Starvation is not exclusive to concurrent programming. An OS scheduler that always favors high-priority processes starves low-priority ones. A database that always serves short transactions first starves long-running queries. The pattern is universal: a resource consistently consumed faster than it becomes available to a waiting party.
Preventing starvation
sync.RWMutex for read-heavy workloads
When most goroutines only need to read shared data, sync.Mutex is overly strict — it blocks all readers even though concurrent reads are safe. sync.RWMutex allows any number of concurrent readers while still giving writers exclusive access. This dramatically reduces contention and the opportunity for starvation in read-heavy scenarios.
Aging
Aging is a scheduling technique that gradually increases the effective priority of a waiting goroutine the longer it has waited. Once its priority rises high enough, it gets scheduled ahead of newcomers. Go's standard library does not provide aging out of the box, but it can be implemented with a priority queue and a dedicated scheduling goroutine.
Fair queuing
For explicit fairness, replace unstructured mutex competition with an ordered queue. Goroutines waiting for a resource join a FIFO channel; the resource is granted in arrival order, making indefinite starvation impossible.

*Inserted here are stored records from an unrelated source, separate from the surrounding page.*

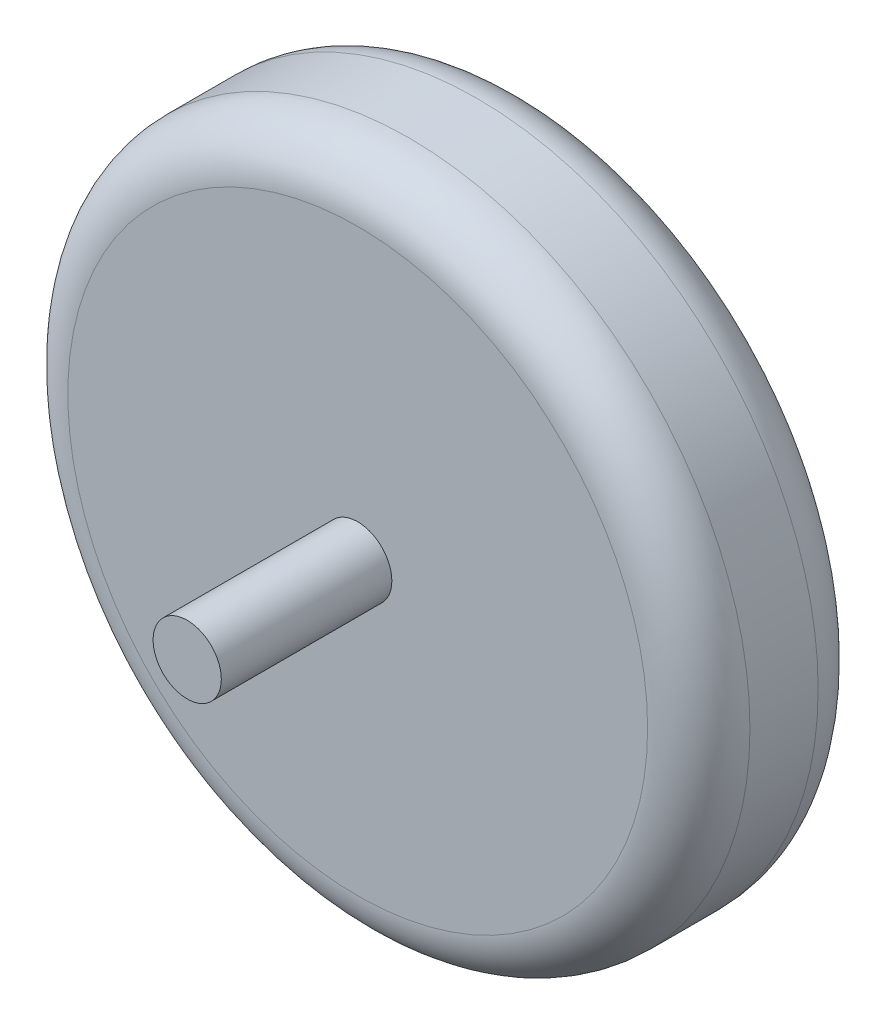
ISO-10303-21;
HEADER;
FILE_DESCRIPTION(('STEP AP214'),'2;1');
FILE_NAME('part.step','',(''),(''),'','','');
FILE_SCHEMA(('AUTOMOTIVE_DESIGN { 1 0 10303 214 1 1 1 1 }'));
ENDSEC;
DATA;
#1=APPLICATION_CONTEXT('core data for automotive mechanical design processes');
#2=APPLICATION_PROTOCOL_DEFINITION('international standard','automotive_design',2000,#1);
#3=PRODUCT_CONTEXT('',#1,'mechanical');
#4=PRODUCT('Part','Part','',(#3));
#5=PRODUCT_RELATED_PRODUCT_CATEGORY('part','',(#4));
#6=PRODUCT_DEFINITION_FORMATION('','',#4);
#7=PRODUCT_DEFINITION_CONTEXT('part definition',#1,'design');
#8=PRODUCT_DEFINITION('design','',#6,#7);
#9=PRODUCT_DEFINITION_SHAPE('','',#8);
#10=(LENGTH_UNIT() NAMED_UNIT(*) SI_UNIT(.MILLI.,.METRE.));
#11=(NAMED_UNIT(*) PLANE_ANGLE_UNIT() SI_UNIT($,.RADIAN.));
#12=(NAMED_UNIT(*) SI_UNIT($,.STERADIAN.) SOLID_ANGLE_UNIT());
#13=UNCERTAINTY_MEASURE_WITH_UNIT(LENGTH_MEASURE(1.E-05),#10,'distance_accuracy_value','');
#14=(GEOMETRIC_REPRESENTATION_CONTEXT(3) GLOBAL_UNCERTAINTY_ASSIGNED_CONTEXT((#13)) GLOBAL_UNIT_ASSIGNED_CONTEXT((#10,
#11,#12)) REPRESENTATION_CONTEXT('',''));
#15=CARTESIAN_POINT('',(0.,0.,0.));
#16=DIRECTION('',(0.,0.,1.));
#17=DIRECTION('',(1.,0.,0.));
#18=AXIS2_PLACEMENT_3D('',#15,#16,#17);
#19=CARTESIAN_POINT('',(0.,0.,50.));
#20=DIRECTION('',(0.,0.,-1.));
#21=DIRECTION('',(-1.,0.,0.));
#22=AXIS2_PLACEMENT_3D('',#19,#20,#21);
#23=CYLINDRICAL_SURFACE('',#22,100.);
#24=CARTESIAN_POINT('',(0.,0.,15.));
#25=DIRECTION('',(0.,0.,1.));
#26=DIRECTION('',(1.,0.,0.));
#27=AXIS2_PLACEMENT_3D('',#24,#25,#26);
#28=CIRCLE('',#27,100.);
#29=CARTESIAN_POINT('',(100.,0.,15.));
#30=VERTEX_POINT('',#29);
#31=EDGE_CURVE('E48',#30,#30,#28,.T.);
#32=ORIENTED_EDGE('',*,*,#31,.T.);
#33=EDGE_LOOP('',(#32));
#34=FACE_BOUND('',#33,.T.);
#35=CARTESIAN_POINT('',(0.,0.,35.));
#36=DIRECTION('',(0.,0.,1.));
#37=DIRECTION('',(1.,0.,0.));
#38=AXIS2_PLACEMENT_3D('',#35,#36,#37);
#39=CIRCLE('',#38,100.);
#40=CARTESIAN_POINT('',(100.,0.,35.));
#41=VERTEX_POINT('',#40);
#42=EDGE_CURVE('E52',#41,#41,#39,.F.);
#43=ORIENTED_EDGE('',*,*,#42,.T.);
#44=EDGE_LOOP('',(#43));
#45=FACE_BOUND('',#44,.T.);
#46=ADVANCED_FACE('F37',(#34,#45),#23,.T.);
#47=CARTESIAN_POINT('',(0.,0.,50.));
#48=DIRECTION('',(0.,0.,1.));
#49=DIRECTION('',(1.,0.,0.));
#50=AXIS2_PLACEMENT_3D('',#47,#48,#49);
#51=PLANE('',#50);
#52=CARTESIAN_POINT('',(0.,0.,50.));
#53=DIRECTION('',(0.,0.,1.));
#54=DIRECTION('',(1.,0.,0.));
#55=AXIS2_PLACEMENT_3D('',#52,#53,#54);
#56=CIRCLE('',#55,85.);
#57=CARTESIAN_POINT('',(85.,0.,50.));
#58=VERTEX_POINT('',#57);
#59=EDGE_CURVE('E10',#58,#58,#56,.T.);
#60=ORIENTED_EDGE('',*,*,#59,.T.);
#61=EDGE_LOOP('',(#60));
#62=FACE_BOUND('',#61,.T.);
#63=CARTESIAN_POINT('',(0.,0.,50.));
#64=DIRECTION('',(0.,0.,1.));
#65=DIRECTION('',(1.,0.,0.));
#66=AXIS2_PLACEMENT_3D('',#63,#64,#65);
#67=CIRCLE('',#66,10.);
#68=CARTESIAN_POINT('',(10.,0.,50.));
#69=VERTEX_POINT('',#68);
#70=EDGE_CURVE('E58',#69,#69,#67,.T.);
#71=ORIENTED_EDGE('',*,*,#70,.F.);
#72=EDGE_LOOP('',(#71));
#73=FACE_BOUND('',#72,.T.);
#74=ADVANCED_FACE('F73',(#62,#73),#51,.T.);
#75=CARTESIAN_POINT('',(0.,0.,0.));
#76=DIRECTION('',(0.,0.,1.));
#77=DIRECTION('',(1.,0.,0.));
#78=AXIS2_PLACEMENT_3D('',#75,#76,#77);
#79=PLANE('',#78);
#80=CARTESIAN_POINT('',(0.,0.,0.));
#81=DIRECTION('',(0.,0.,1.));
#82=DIRECTION('',(1.,0.,0.));
#83=AXIS2_PLACEMENT_3D('',#80,#81,#82);
#84=CIRCLE('',#83,85.);
#85=CARTESIAN_POINT('',(85.,0.,0.));
#86=VERTEX_POINT('',#85);
#87=EDGE_CURVE('E44',#86,#86,#84,.F.);
#88=ORIENTED_EDGE('',*,*,#87,.T.);
#89=EDGE_LOOP('',(#88));
#90=FACE_BOUND('',#89,.T.);
#91=ADVANCED_FACE('F69',(#90),#79,.F.);
#92=CARTESIAN_POINT('',(0.,0.,100.));
#93=DIRECTION('',(0.,0.,-1.));
#94=DIRECTION('',(-1.,0.,0.));
#95=AXIS2_PLACEMENT_3D('',#92,#93,#94);
#96=CYLINDRICAL_SURFACE('',#95,10.);
#97=CARTESIAN_POINT('',(0.,0.,100.));
#98=DIRECTION('',(0.,0.,1.));
#99=DIRECTION('',(1.,0.,0.));
#100=AXIS2_PLACEMENT_3D('',#97,#98,#99);
#101=CIRCLE('',#100,10.);
#102=CARTESIAN_POINT('',(10.,0.,100.));
#103=VERTEX_POINT('',#102);
#104=EDGE_CURVE('E57',#103,#103,#101,.T.);
#105=ORIENTED_EDGE('',*,*,#104,.F.);
#106=EDGE_LOOP('',(#105));
#107=FACE_BOUND('',#106,.T.);
#108=ORIENTED_EDGE('',*,*,#70,.T.);
#109=EDGE_LOOP('',(#108));
#110=FACE_BOUND('',#109,.T.);
#111=ADVANCED_FACE('F66',(#107,#110),#96,.T.);
#112=CARTESIAN_POINT('',(0.,0.,100.));
#113=DIRECTION('',(0.,0.,1.));
#114=DIRECTION('',(1.,0.,0.));
#115=AXIS2_PLACEMENT_3D('',#112,#113,#114);
#116=PLANE('',#115);
#117=ORIENTED_EDGE('',*,*,#104,.T.);
#118=EDGE_LOOP('',(#117));
#119=FACE_BOUND('',#118,.T.);
#120=ADVANCED_FACE('F64',(#119),#116,.T.);
#121=CARTESIAN_POINT('',(0.,0.,15.));
#122=DIRECTION('',(0.,0.,1.));
#123=DIRECTION('',(1.,0.,0.));
#124=AXIS2_PLACEMENT_3D('',#121,#122,#123);
#125=TOROIDAL_SURFACE('',#124,85.,15.);
#126=ORIENTED_EDGE('',*,*,#87,.F.);
#127=EDGE_LOOP('',(#126));
#128=FACE_BOUND('',#127,.T.);
#129=ORIENTED_EDGE('',*,*,#31,.F.);
#130=EDGE_LOOP('',(#129));
#131=FACE_BOUND('',#130,.T.);
#132=ADVANCED_FACE('F84',(#128,#131),#125,.T.);
#133=CARTESIAN_POINT('',(0.,0.,35.));
#134=DIRECTION('',(0.,0.,1.));
#135=DIRECTION('',(1.,0.,0.));
#136=AXIS2_PLACEMENT_3D('',#133,#134,#135);
#137=TOROIDAL_SURFACE('',#136,85.,15.);
#138=ORIENTED_EDGE('',*,*,#42,.F.);
#139=EDGE_LOOP('',(#138));
#140=FACE_BOUND('',#139,.T.);
#141=ORIENTED_EDGE('',*,*,#59,.F.);
#142=EDGE_LOOP('',(#141));
#143=FACE_BOUND('',#142,.T.);
#144=ADVANCED_FACE('F39',(#140,#143),#137,.T.);
#145=CLOSED_SHELL('',(#46,#74,#91,#111,#120,#132,#144));
#146=MANIFOLD_SOLID_BREP('B2',#145);
#147=ADVANCED_BREP_SHAPE_REPRESENTATION('',(#18,#146),#14);
#148=SHAPE_DEFINITION_REPRESENTATION(#9,#147);
ENDSEC;
END-ISO-10303-21;

Full implementations involve more scaffolding, but the principle is straightforward: arrival order determines service order.
Summary
| Deadlock | Livelock | Starvation | |
|---|---|---|---|
| Goroutines blocked? | All | None (active but looping) | Some |
| Progress made? | None | None | Partial |
| Go runtime detects? | Yes — panics | No | No |
| Primary cause | Circular lock dependency | Synchronized retries | Unequal resource access |
| Prevention | Consistent lock ordering | Jitter in retry delay | RWMutex, fair queuing, aging |
These three hazards all stem from the same root tension: protecting shared resources while allowing multiple goroutines to make progress. Deadlocks are the most visible and easiest to reason about — the program halts or panics. Livelocks and starvation are subtler: the program runs, but not correctly.